What We Talk About When We Talk About the Middle Class

- Only 2% of incoming kindergarteners have no prior connection to the school. I’m so sorry, but your kid is not getting in.
There is no doubt that living in New York is tough and that it comes at a price. But instead of exploring what that price really is and talking to New Yorkers who choose to live here despite it not being in their financial best interests, the Times turns the important issue of economic disparity into a discussion about how much it sucks not to have a country house. I mean, that’s their point, right? Not only that it takes a lot of money to be middle class, but also that it kind of sucks to be middle class. Because what the middle class people that the Times talks to want, is to be wealthy. Sending your child to a private school that costs $40,000-a-year is not fucking middle class. It’s not middle class just because you were traumatized by kindergarten and it’s not middle class because a lot of your neighbors can afford to do it. It’s a privilege that very, very few people can afford. Every child should be entitled to a good education—and, obviously, that is its own, knotted issue—but not every child is entitled to Dalton.

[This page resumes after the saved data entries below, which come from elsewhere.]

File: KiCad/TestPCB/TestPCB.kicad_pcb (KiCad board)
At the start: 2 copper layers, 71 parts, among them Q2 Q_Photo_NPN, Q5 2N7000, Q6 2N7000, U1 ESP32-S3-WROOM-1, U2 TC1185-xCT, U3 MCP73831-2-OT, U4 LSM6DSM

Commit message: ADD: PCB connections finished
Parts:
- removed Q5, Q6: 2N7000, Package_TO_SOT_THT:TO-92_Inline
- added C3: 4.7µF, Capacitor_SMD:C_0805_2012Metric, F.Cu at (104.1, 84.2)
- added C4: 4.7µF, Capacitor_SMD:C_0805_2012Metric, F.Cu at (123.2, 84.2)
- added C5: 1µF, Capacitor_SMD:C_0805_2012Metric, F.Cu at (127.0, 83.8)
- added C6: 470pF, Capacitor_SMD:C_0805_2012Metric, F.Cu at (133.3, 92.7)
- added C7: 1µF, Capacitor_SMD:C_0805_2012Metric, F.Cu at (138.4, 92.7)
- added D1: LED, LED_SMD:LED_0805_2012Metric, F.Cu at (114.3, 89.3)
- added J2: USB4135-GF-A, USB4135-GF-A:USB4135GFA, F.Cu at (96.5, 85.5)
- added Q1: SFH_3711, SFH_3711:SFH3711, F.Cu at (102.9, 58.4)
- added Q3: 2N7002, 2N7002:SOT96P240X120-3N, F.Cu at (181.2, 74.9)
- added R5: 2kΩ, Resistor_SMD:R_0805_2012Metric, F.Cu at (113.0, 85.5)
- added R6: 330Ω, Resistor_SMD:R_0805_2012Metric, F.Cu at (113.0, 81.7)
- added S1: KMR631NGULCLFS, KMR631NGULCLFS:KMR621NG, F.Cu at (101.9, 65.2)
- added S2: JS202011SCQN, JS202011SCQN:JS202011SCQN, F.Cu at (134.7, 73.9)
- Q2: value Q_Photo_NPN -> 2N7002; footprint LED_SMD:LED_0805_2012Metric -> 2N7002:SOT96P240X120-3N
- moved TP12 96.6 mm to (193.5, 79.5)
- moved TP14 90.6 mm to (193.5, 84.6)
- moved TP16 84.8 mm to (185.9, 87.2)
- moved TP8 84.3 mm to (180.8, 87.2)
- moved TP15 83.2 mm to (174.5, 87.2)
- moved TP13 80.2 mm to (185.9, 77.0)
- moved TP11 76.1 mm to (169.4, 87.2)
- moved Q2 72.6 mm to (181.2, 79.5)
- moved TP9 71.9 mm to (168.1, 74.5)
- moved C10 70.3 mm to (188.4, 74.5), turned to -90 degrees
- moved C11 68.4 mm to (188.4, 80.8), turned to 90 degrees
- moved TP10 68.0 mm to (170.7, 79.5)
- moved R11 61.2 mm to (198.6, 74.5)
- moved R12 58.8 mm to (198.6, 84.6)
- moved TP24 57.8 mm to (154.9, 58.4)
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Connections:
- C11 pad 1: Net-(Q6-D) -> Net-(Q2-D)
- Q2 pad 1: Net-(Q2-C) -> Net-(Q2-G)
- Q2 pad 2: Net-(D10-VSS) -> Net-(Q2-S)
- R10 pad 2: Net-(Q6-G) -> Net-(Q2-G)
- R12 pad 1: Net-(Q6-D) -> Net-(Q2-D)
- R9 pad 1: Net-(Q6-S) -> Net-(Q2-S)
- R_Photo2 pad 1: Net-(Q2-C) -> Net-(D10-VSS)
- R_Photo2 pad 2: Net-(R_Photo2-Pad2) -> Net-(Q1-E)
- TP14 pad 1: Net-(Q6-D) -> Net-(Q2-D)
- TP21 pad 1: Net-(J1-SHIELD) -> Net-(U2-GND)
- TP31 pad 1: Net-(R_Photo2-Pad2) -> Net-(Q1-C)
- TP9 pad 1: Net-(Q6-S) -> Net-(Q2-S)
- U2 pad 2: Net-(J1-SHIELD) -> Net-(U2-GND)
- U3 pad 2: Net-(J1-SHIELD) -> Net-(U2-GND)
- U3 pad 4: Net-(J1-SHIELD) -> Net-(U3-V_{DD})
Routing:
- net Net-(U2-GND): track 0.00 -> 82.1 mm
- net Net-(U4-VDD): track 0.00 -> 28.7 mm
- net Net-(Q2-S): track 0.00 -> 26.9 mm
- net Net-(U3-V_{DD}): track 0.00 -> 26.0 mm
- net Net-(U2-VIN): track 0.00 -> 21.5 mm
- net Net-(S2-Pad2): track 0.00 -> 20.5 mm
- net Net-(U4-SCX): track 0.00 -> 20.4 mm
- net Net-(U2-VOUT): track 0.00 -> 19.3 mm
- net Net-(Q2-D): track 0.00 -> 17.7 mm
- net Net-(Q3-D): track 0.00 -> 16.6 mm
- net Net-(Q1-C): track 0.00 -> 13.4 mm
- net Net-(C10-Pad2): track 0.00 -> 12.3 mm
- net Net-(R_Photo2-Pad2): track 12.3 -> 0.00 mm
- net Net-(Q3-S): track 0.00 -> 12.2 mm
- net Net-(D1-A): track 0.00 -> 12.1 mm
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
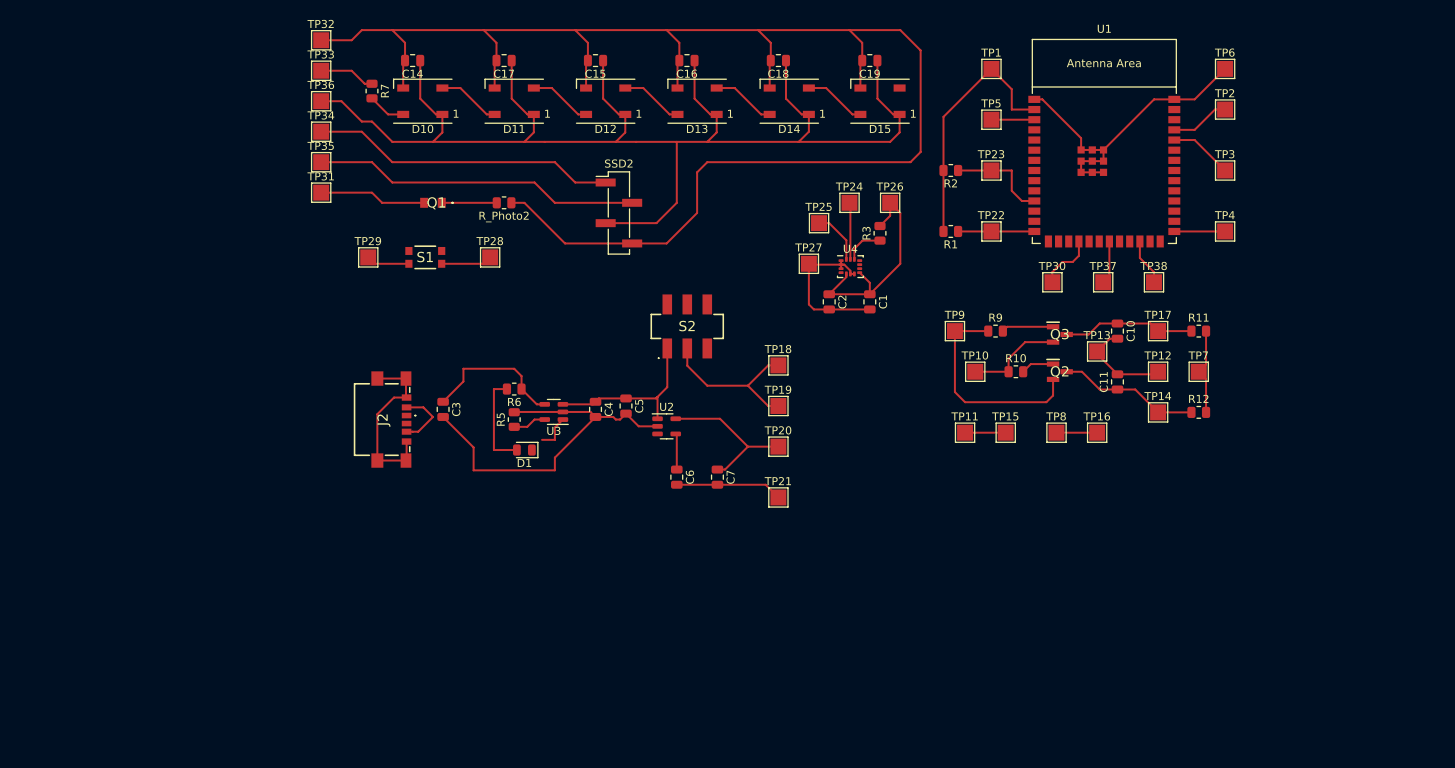
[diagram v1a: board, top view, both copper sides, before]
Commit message: ADD: parts arranged in two pcbs
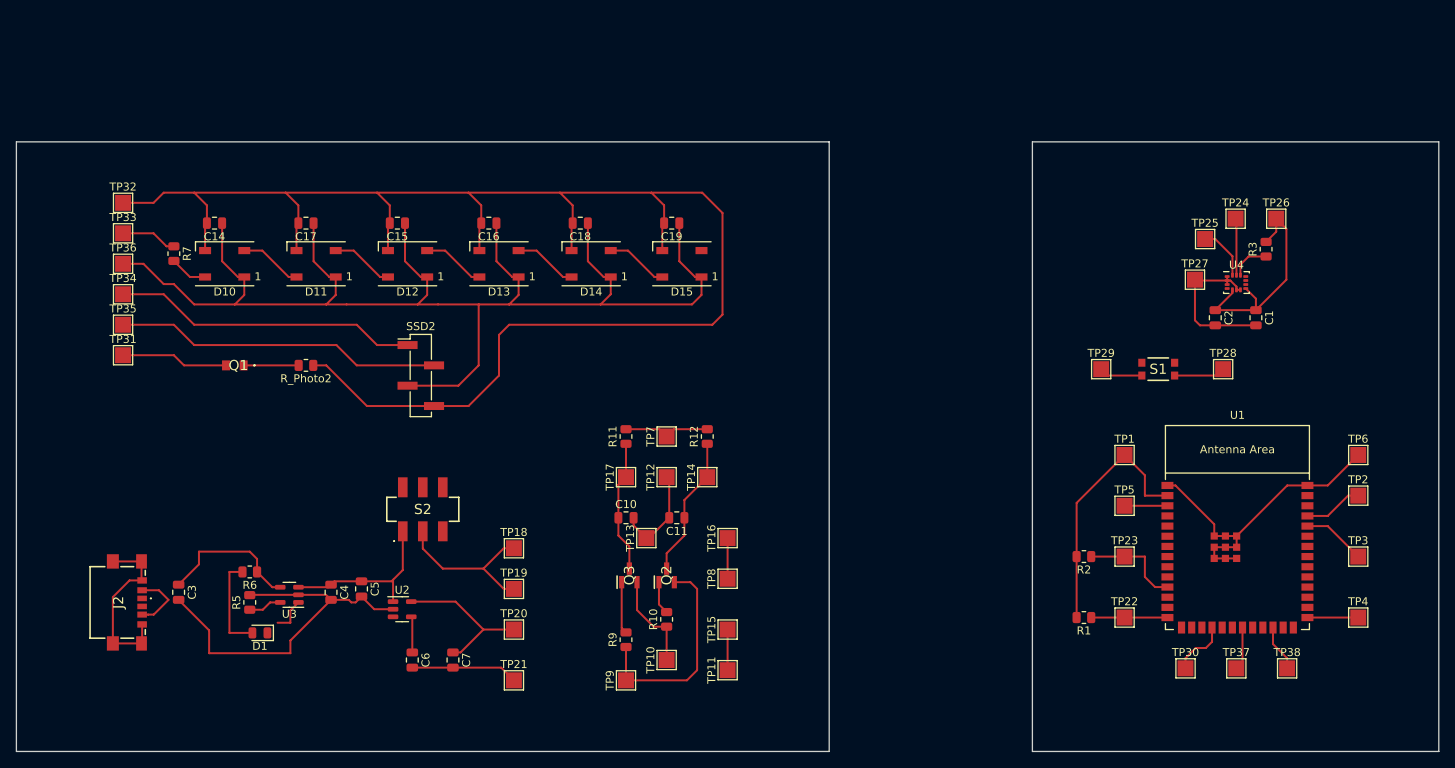
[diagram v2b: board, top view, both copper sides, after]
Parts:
- moved S1 92.7 mm to (193.5, 79.2)
- moved TP29 92.7 mm to (186.4, 79.2)
- moved TP28 92.7 mm to (201.6, 79.2)
- moved R11 72.8 mm to (127.0, 87.6), turned to 90 degrees
- moved TP17 69.0 mm to (127.0, 92.7), turned to 90 degrees
- moved TP7 67.0 mm to (132.1, 87.6), turned to 90 degrees
- moved C10 65.7 mm to (127.0, 97.8), turned to 0 degrees
- moved TP12 62.8 mm to (132.1, 92.7), turned to 90 degrees
- moved Q3 61.7 mm to (127.4, 105.0), turned to 90 degrees
- moved R12 61.5 mm to (137.2, 87.6), turned to 90 degrees
- moved TP13 61.0 mm to (129.5, 100.3), turned to 90 degrees
- moved R9 60.2 mm to (127.0, 113.0), turned to 90 degrees
- moved TP9 60.0 mm to (127.0, 118.1), turned to 90 degrees
- moved C11 57.6 mm to (133.3, 97.8), turned to 180 degrees
- moved TP14 56.9 mm to (137.2, 92.7), turned to 90 degrees
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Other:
- board outline added: 177.8 x 76.2 mm

Polarizing New York into the haves and have-nots is easy to do. There are people here who have a whole hell of a lot and there are people with nothing. This is not perfect, but it is also not new. What is perhaps new is that places that used to be relatively affordable—like, I don’t know, lots of places in Brooklyn—are now becoming untenable to live in for all but the very wealthy. However, there are things being done, even on the community level to address some of these issues. Schools are actually a good example of how families who are middle class are trying to stake their claim in a city where the rent might be stratospherically high, but so is the potential for an amazing life. Communities have come together to strengthen their local public schools rather than resort to private school (if that’s even an option) or move somewhere else. People make do with less in all sorts of areas, they compromise where they might not want to, in order to take advantage of what this city has to offer. So, sure, maybe they don’t have what the Times would consider to be the traditional trappings of the middle class. They don’t have exciting vacations or a car or the disposable income to take cabs at whim, but it doesn’t mean they are suffering, or even that they are compromising in some sort of unacceptable way.
The disservice that the Times does to the actual middle class—not the morons who can’t scrape by on a quarter of a million dollars a year—is that it treats those who willingly accept a life where they need to do without certain things as people who have failed. Middle class does not mean upper class. Pretending that privilege is the norm is basically what the Times does on a regular basis, but that doesn’t make it any less egregious. Especially when the topic is one that is as important as this one. We are living in a time when some things that used to get taken for granted as achievable goals—things like being able to graduate from college without mountains of debt—are now seen as something almost unattainable. The things that need to be addressed are not whether or not it’s fair that someone making $200,000 a year can’t afford to live in TriBeCa. Who cares? Only the idiot who is so desperate to live in a certain neighborhood that they whine about it to the New York Times. Only that idiot. Instead of focusing on those people, maybe the Times could look at the existing middle class, the families who stay in New York because they want to let their children grow up in a diverse, imperfect, dirty, beautiful, cultural wonderland and will make sure it happens no matter if they make $50,000 a year or $500,000. The Times could also look at the young people who are not supported by their parents and who live with roommates in order to pursue the careers and lives that they always wanted. The Times could even look at people who live below the poverty line and see how they live in this city of ours, just to see how New Yorkers live when private schools and TriBeCa are not even on the radar. There are a lot of us out there who manage on way less than even $50,000 a year without feeling like our lives are a constant struggle and strain. This is the middle class and it is important to recognize and value it, so that it can be preserved.